(WHAT IS NEEDED)
For each line below that contains the word "blind", return that line.
------ RECORDS SHOWN
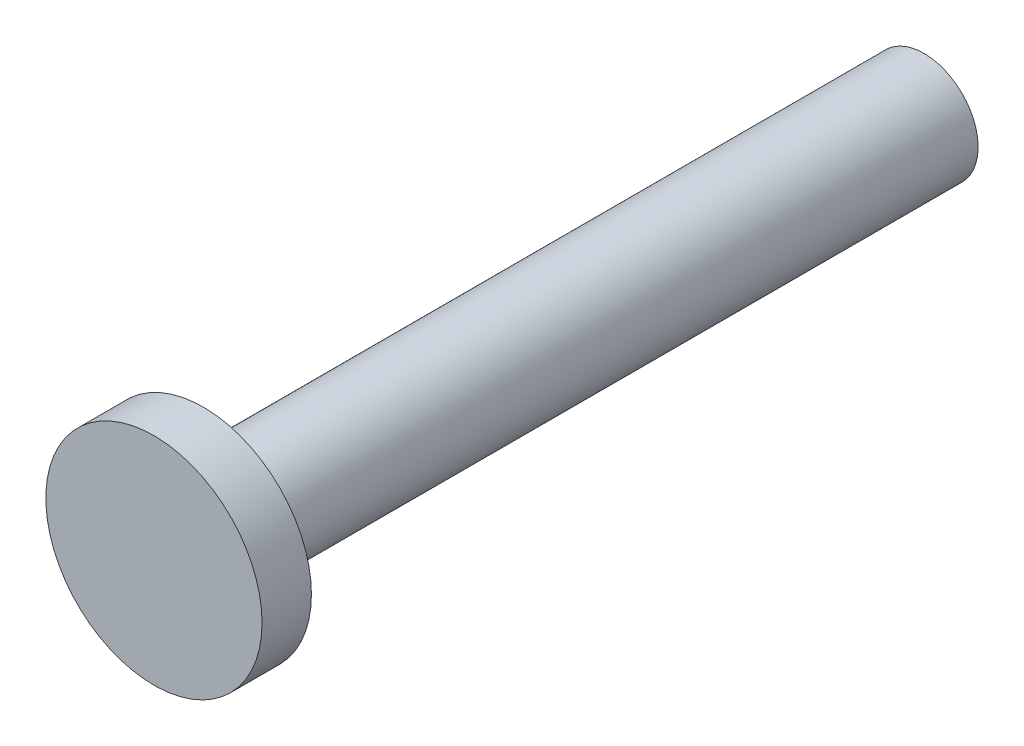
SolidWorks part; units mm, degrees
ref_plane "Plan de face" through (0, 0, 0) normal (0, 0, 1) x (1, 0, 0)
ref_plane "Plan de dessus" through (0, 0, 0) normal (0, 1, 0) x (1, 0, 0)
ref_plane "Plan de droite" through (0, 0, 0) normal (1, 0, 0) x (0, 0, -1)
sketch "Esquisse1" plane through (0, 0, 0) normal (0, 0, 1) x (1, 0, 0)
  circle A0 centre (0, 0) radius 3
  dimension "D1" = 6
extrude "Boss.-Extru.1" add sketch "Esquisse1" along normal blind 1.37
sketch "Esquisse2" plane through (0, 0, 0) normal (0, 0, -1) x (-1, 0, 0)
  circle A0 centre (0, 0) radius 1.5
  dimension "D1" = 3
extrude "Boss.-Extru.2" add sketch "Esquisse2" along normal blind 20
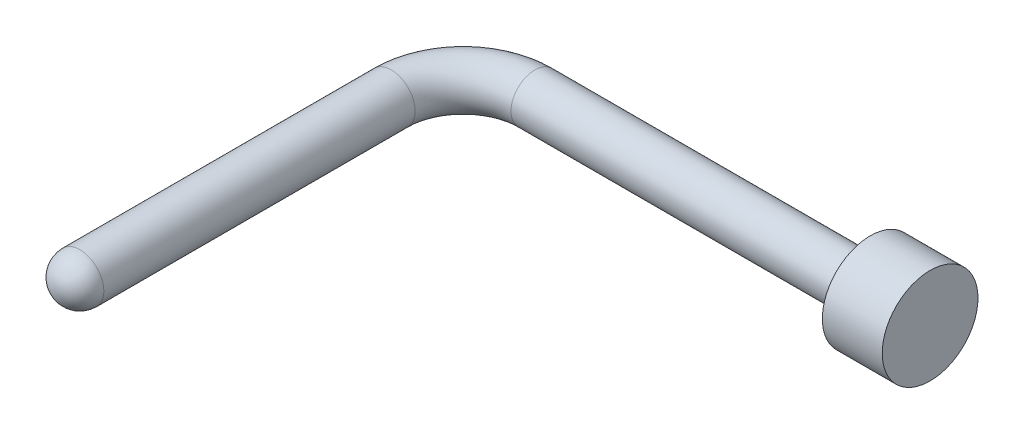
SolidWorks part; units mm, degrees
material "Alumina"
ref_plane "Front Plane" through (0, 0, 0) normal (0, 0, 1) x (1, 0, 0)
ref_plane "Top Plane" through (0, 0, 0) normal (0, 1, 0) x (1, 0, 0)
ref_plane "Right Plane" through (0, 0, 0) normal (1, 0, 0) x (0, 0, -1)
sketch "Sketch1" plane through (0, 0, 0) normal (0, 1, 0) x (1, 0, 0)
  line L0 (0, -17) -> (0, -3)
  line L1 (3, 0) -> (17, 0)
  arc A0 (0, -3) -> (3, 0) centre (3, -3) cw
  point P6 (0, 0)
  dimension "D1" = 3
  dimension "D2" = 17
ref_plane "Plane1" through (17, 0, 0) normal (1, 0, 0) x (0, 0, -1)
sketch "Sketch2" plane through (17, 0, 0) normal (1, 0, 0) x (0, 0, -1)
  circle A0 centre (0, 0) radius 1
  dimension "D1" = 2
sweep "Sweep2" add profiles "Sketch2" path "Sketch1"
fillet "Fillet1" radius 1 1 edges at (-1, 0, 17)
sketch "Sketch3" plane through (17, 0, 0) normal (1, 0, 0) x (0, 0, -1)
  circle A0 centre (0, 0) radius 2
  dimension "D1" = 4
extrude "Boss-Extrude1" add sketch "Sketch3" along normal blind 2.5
------------
(OUTPUT BELOW)
extrude "Boss.-Extru.1" add sketch "Esquisse1" along normal blind 1.37
extrude "Boss.-Extru.2" add sketch "Esquisse2" along normal blind 20
extrude "Boss-Extrude1" add sketch "Sketch3" along normal blind 2.5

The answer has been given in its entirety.